Back to the task at hand, let’s check our players:
- Jay Bruce has 3 14s: (.44 * 3) = 1.32. Add that to his previous 6.37 and we get 7.69.
- Torii Hunter has 2 14s: (.44 * 2) = .88. Add that to his previous 6.63 and we get 7.51.
At this point we have most of our positive numbers. And we even know now that a 14 is better than a 9. And for some strange reason a 42 is equal to a 7. But how much will the errors, rare plays and strikeouts make a difference? We’ll find out in the next installment…

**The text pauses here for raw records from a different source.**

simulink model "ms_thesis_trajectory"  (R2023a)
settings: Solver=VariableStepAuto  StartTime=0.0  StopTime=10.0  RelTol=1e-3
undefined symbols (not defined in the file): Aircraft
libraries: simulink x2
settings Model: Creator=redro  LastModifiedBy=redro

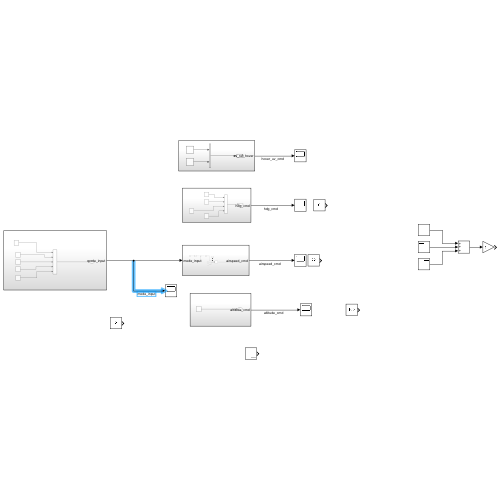
[thumbnail: Simulink's stored preview of the top-level diagram]
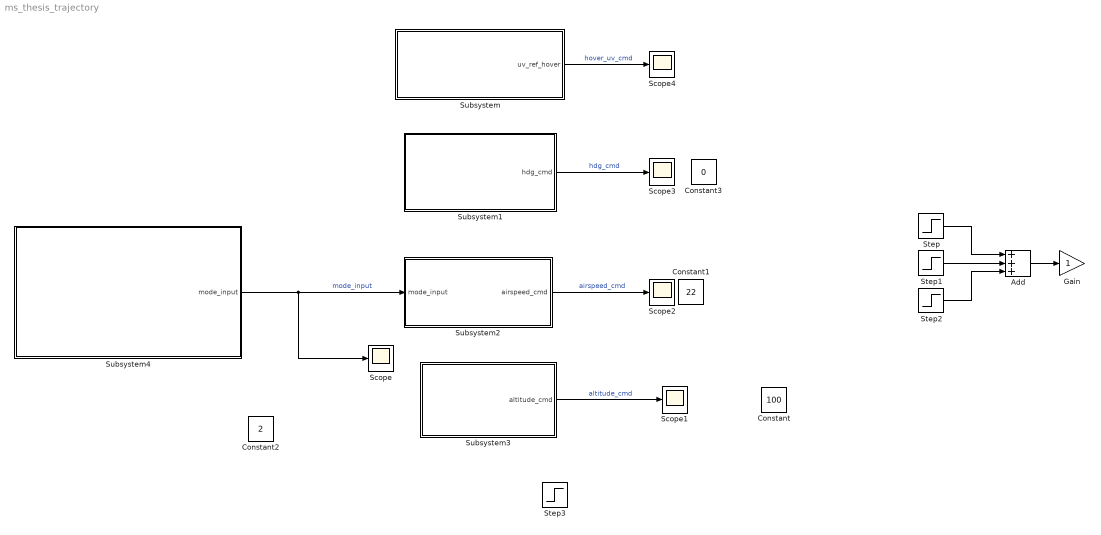
== system ms_thesis_trajectory ==
  Add : Sum  Inputs=+++
  Constant : Constant  Value=100  OutDataTypeStr=single
  Constant1 : Constant  Value=22  OutDataTypeStr=single
  Constant2 : Constant  Value=2  OutDataTypeStr=single
  Constant3 : Constant  Value=0  OutDataTypeStr=single
  Gain : Gain
  Scope{,1..4} (5 alike) : Scope
  Step : Step  Time=6  OutDataTypeStr=single  SampleTime=0
  Step1 : Step  Time=12  Before=1  After=-1  OutDataTypeStr=single  SampleTime=0
  Step2 : Step  Time=18  Before=-1  After=0  OutDataTypeStr=single  SampleTime=0
  Step3 : Step  Time=3  Before=100  After=90  OutDataTypeStr=single  SampleTime=0
  Subsystem : Subsystem
  Subsystem1 : Subsystem
  Subsystem2 : Subsystem
  Subsystem3 : Subsystem
  Subsystem4 : Subsystem
  wires:
  Add/1 -> Gain/1
  Step/1 -> Add/1
  Step1/1 -> Add/2
  Subsystem/1(uv_ref_hover) -> Scope4/1  "hover_uv_cmd"
  Step2/1 -> Add/3
  Subsystem2/1(airspeed_cmd) -> Scope2/1  "airspeed_cmd"
  Subsystem1/1(hdg_cmd) -> Scope3/1  "hdg_cmd"
  Subsystem4/1(mode_input) -> Scope/1, Subsystem2/1(mode_input)  "mode_input"
  Subsystem3/1(altitude_cmd) -> Scope1/1  "altitude_cmd"

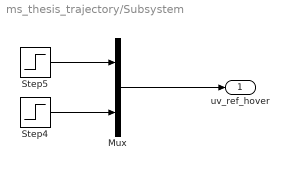
== system ms_thesis_trajectory/Subsystem ==
  Mux : Mux  Inputs=2
  Step4 : Step  Time=73  After=3  OutDataTypeStr=single  SampleTime=0
  Step5 : Step  Time=27  After=0  OutDataTypeStr=single  SampleTime=0
  uv_ref_hover : Outport
  wires:
  Step5/1 -> Mux/1
  Mux/1 -> uv_ref_hover/1
  Step4/1 -> Mux/2

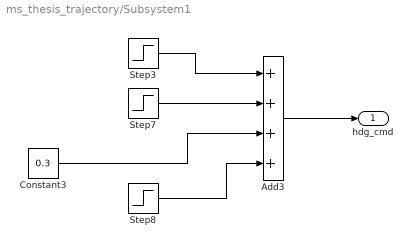
== system ms_thesis_trajectory/Subsystem1 ==
  Add3 : Sum  Inputs=++++
  Constant3 : Constant  Value=0.3  OutDataTypeStr=single
  Step3 : Step  Time=2  After=-0.8  OutDataTypeStr=single  SampleTime=0
  Step7 : Step  Time=18  Before=-0.8  After=0.5  OutDataTypeStr=single  SampleTime=0
  Step8 : Step  Time=30  Before=0.5  After=2.75  OutDataTypeStr=single  SampleTime=0
  hdg_cmd : Outport
  wires:
  Step7/1 -> Add3/2
  Step8/1 -> Add3/4
  Constant3/1 -> Add3/3
  Add3/1 -> hdg_cmd/1
  Step3/1 -> Add3/1

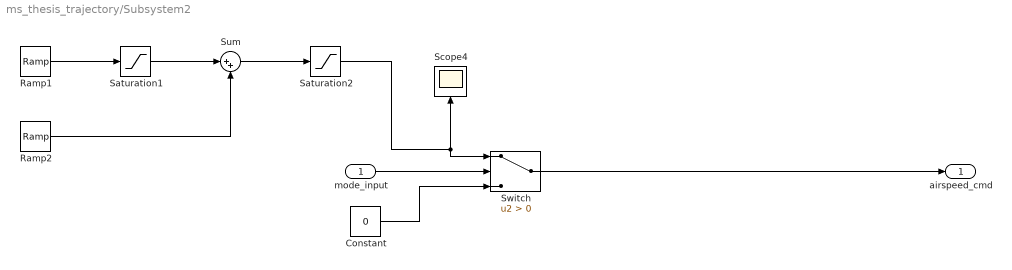
== system ms_thesis_trajectory/Subsystem2 ==
  mode_input : Inport
  Constant : Constant  Value=0  OutDataTypeStr=single
  Ramp1 : simulink/Sources/Ramp  slope=Aircraft.Control.modes.hover2forward_airspeed_ramp  start=7  InitialOutput=0
  Ramp2 : simulink/Sources/Ramp  slope=Aircraft.Control.modes.forward2hover_airspeed_ramp  start=52  InitialOutput=0
  Saturation1 : Saturate  UpperLimit=22  LowerLimit=0  OutDataTypeStr=single
  Saturation2 : Saturate  UpperLimit=22  LowerLimit=0  OutDataTypeStr=single
  Scope4 : Scope
  Sum : Sum  Inputs=|++
  Switch : Switch  Criteria=u2 > Threshold  SaturateOnIntegerOverflow=off  InputSameDT=off
  airspeed_cmd : Outport
  wires:
  Ramp1/1 -> Saturation1/1
  Constant/1 -> Switch/3
  Ramp2/1 -> Sum/2
  Saturation2/1 -> Switch/1, Scope4/1
  Sum/1 -> Saturation2/1
  Saturation1/1 -> Sum/1
  mode_input/1 -> Switch/2
  Switch/1 -> airspeed_cmd/1

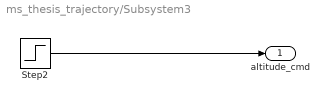
== system ms_thesis_trajectory/Subsystem3 ==
  Step2 : Step  Time=48  Before=100  After=90  OutDataTypeStr=single  SampleTime=0
  altitude_cmd : Outport
  wires:
  Step2/1 -> altitude_cmd/1

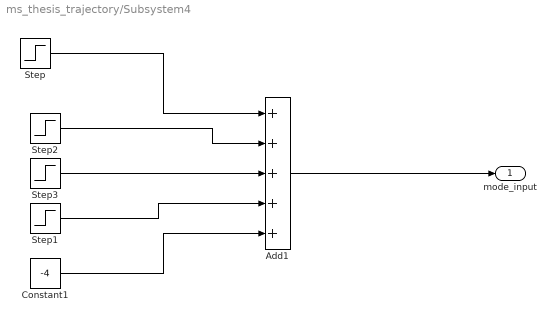
== system ms_thesis_trajectory/Subsystem4 ==
  Add1 : Sum  Inputs=+++++
  Constant1 : Constant  Value=-4
  Step : Step  Time=7  SampleTime=0
  Step1 : Step  Time=18  Before=1  After=2  SampleTime=0
  Step2 : Step  Time=52  Before=2  SampleTime=0
  Step3 : Step  Time=70  Before=1  After=0  SampleTime=0
  mode_input : Outport
  wires:
  Step2/1 -> Add1/2
  Constant1/1 -> Add1/5
  Step1/1 -> Add1/4
  Step3/1 -> Add1/3
  Step/1 -> Add1/1
  Add1/1 -> mode_input/1

NOTE: Scaling factor and a correction to Jay Bruce’s numbers were added on 7/22/2013.
So, you added a 1 to all cards, replacing an out? If so, you have raised the league OBP by 30 points and decreased the outs per plate appearance, so you should have about 8% more PAs. This should make the runs gain even greater than you expect, if I’m following your methods correctly.
I’m checking the R/36PA, not just straight runs.
Ah, my mistake. (But still, the value gained by a non-out should be taken into account when evaluating relative player value.)
Before you reveal your answer, remember that (using MLB stats, not APBA) a lineup with Hunter in it will have 0.24 more plate appearances per 27 outs (not counting baserunning outs and DPs) than a lineup with Bruce in it.
How come an extra 7 or 11 is >+1 single/36? Do overs vs ZZ? Do-overs with RPs with bases empty?
A guy used his university’s computer to figure out a value for every red number.
From memory, a 14 was 0.18, 9 was 0.08, an 8 was 0.23. A 13 was -0.23, a 24 was -0.30.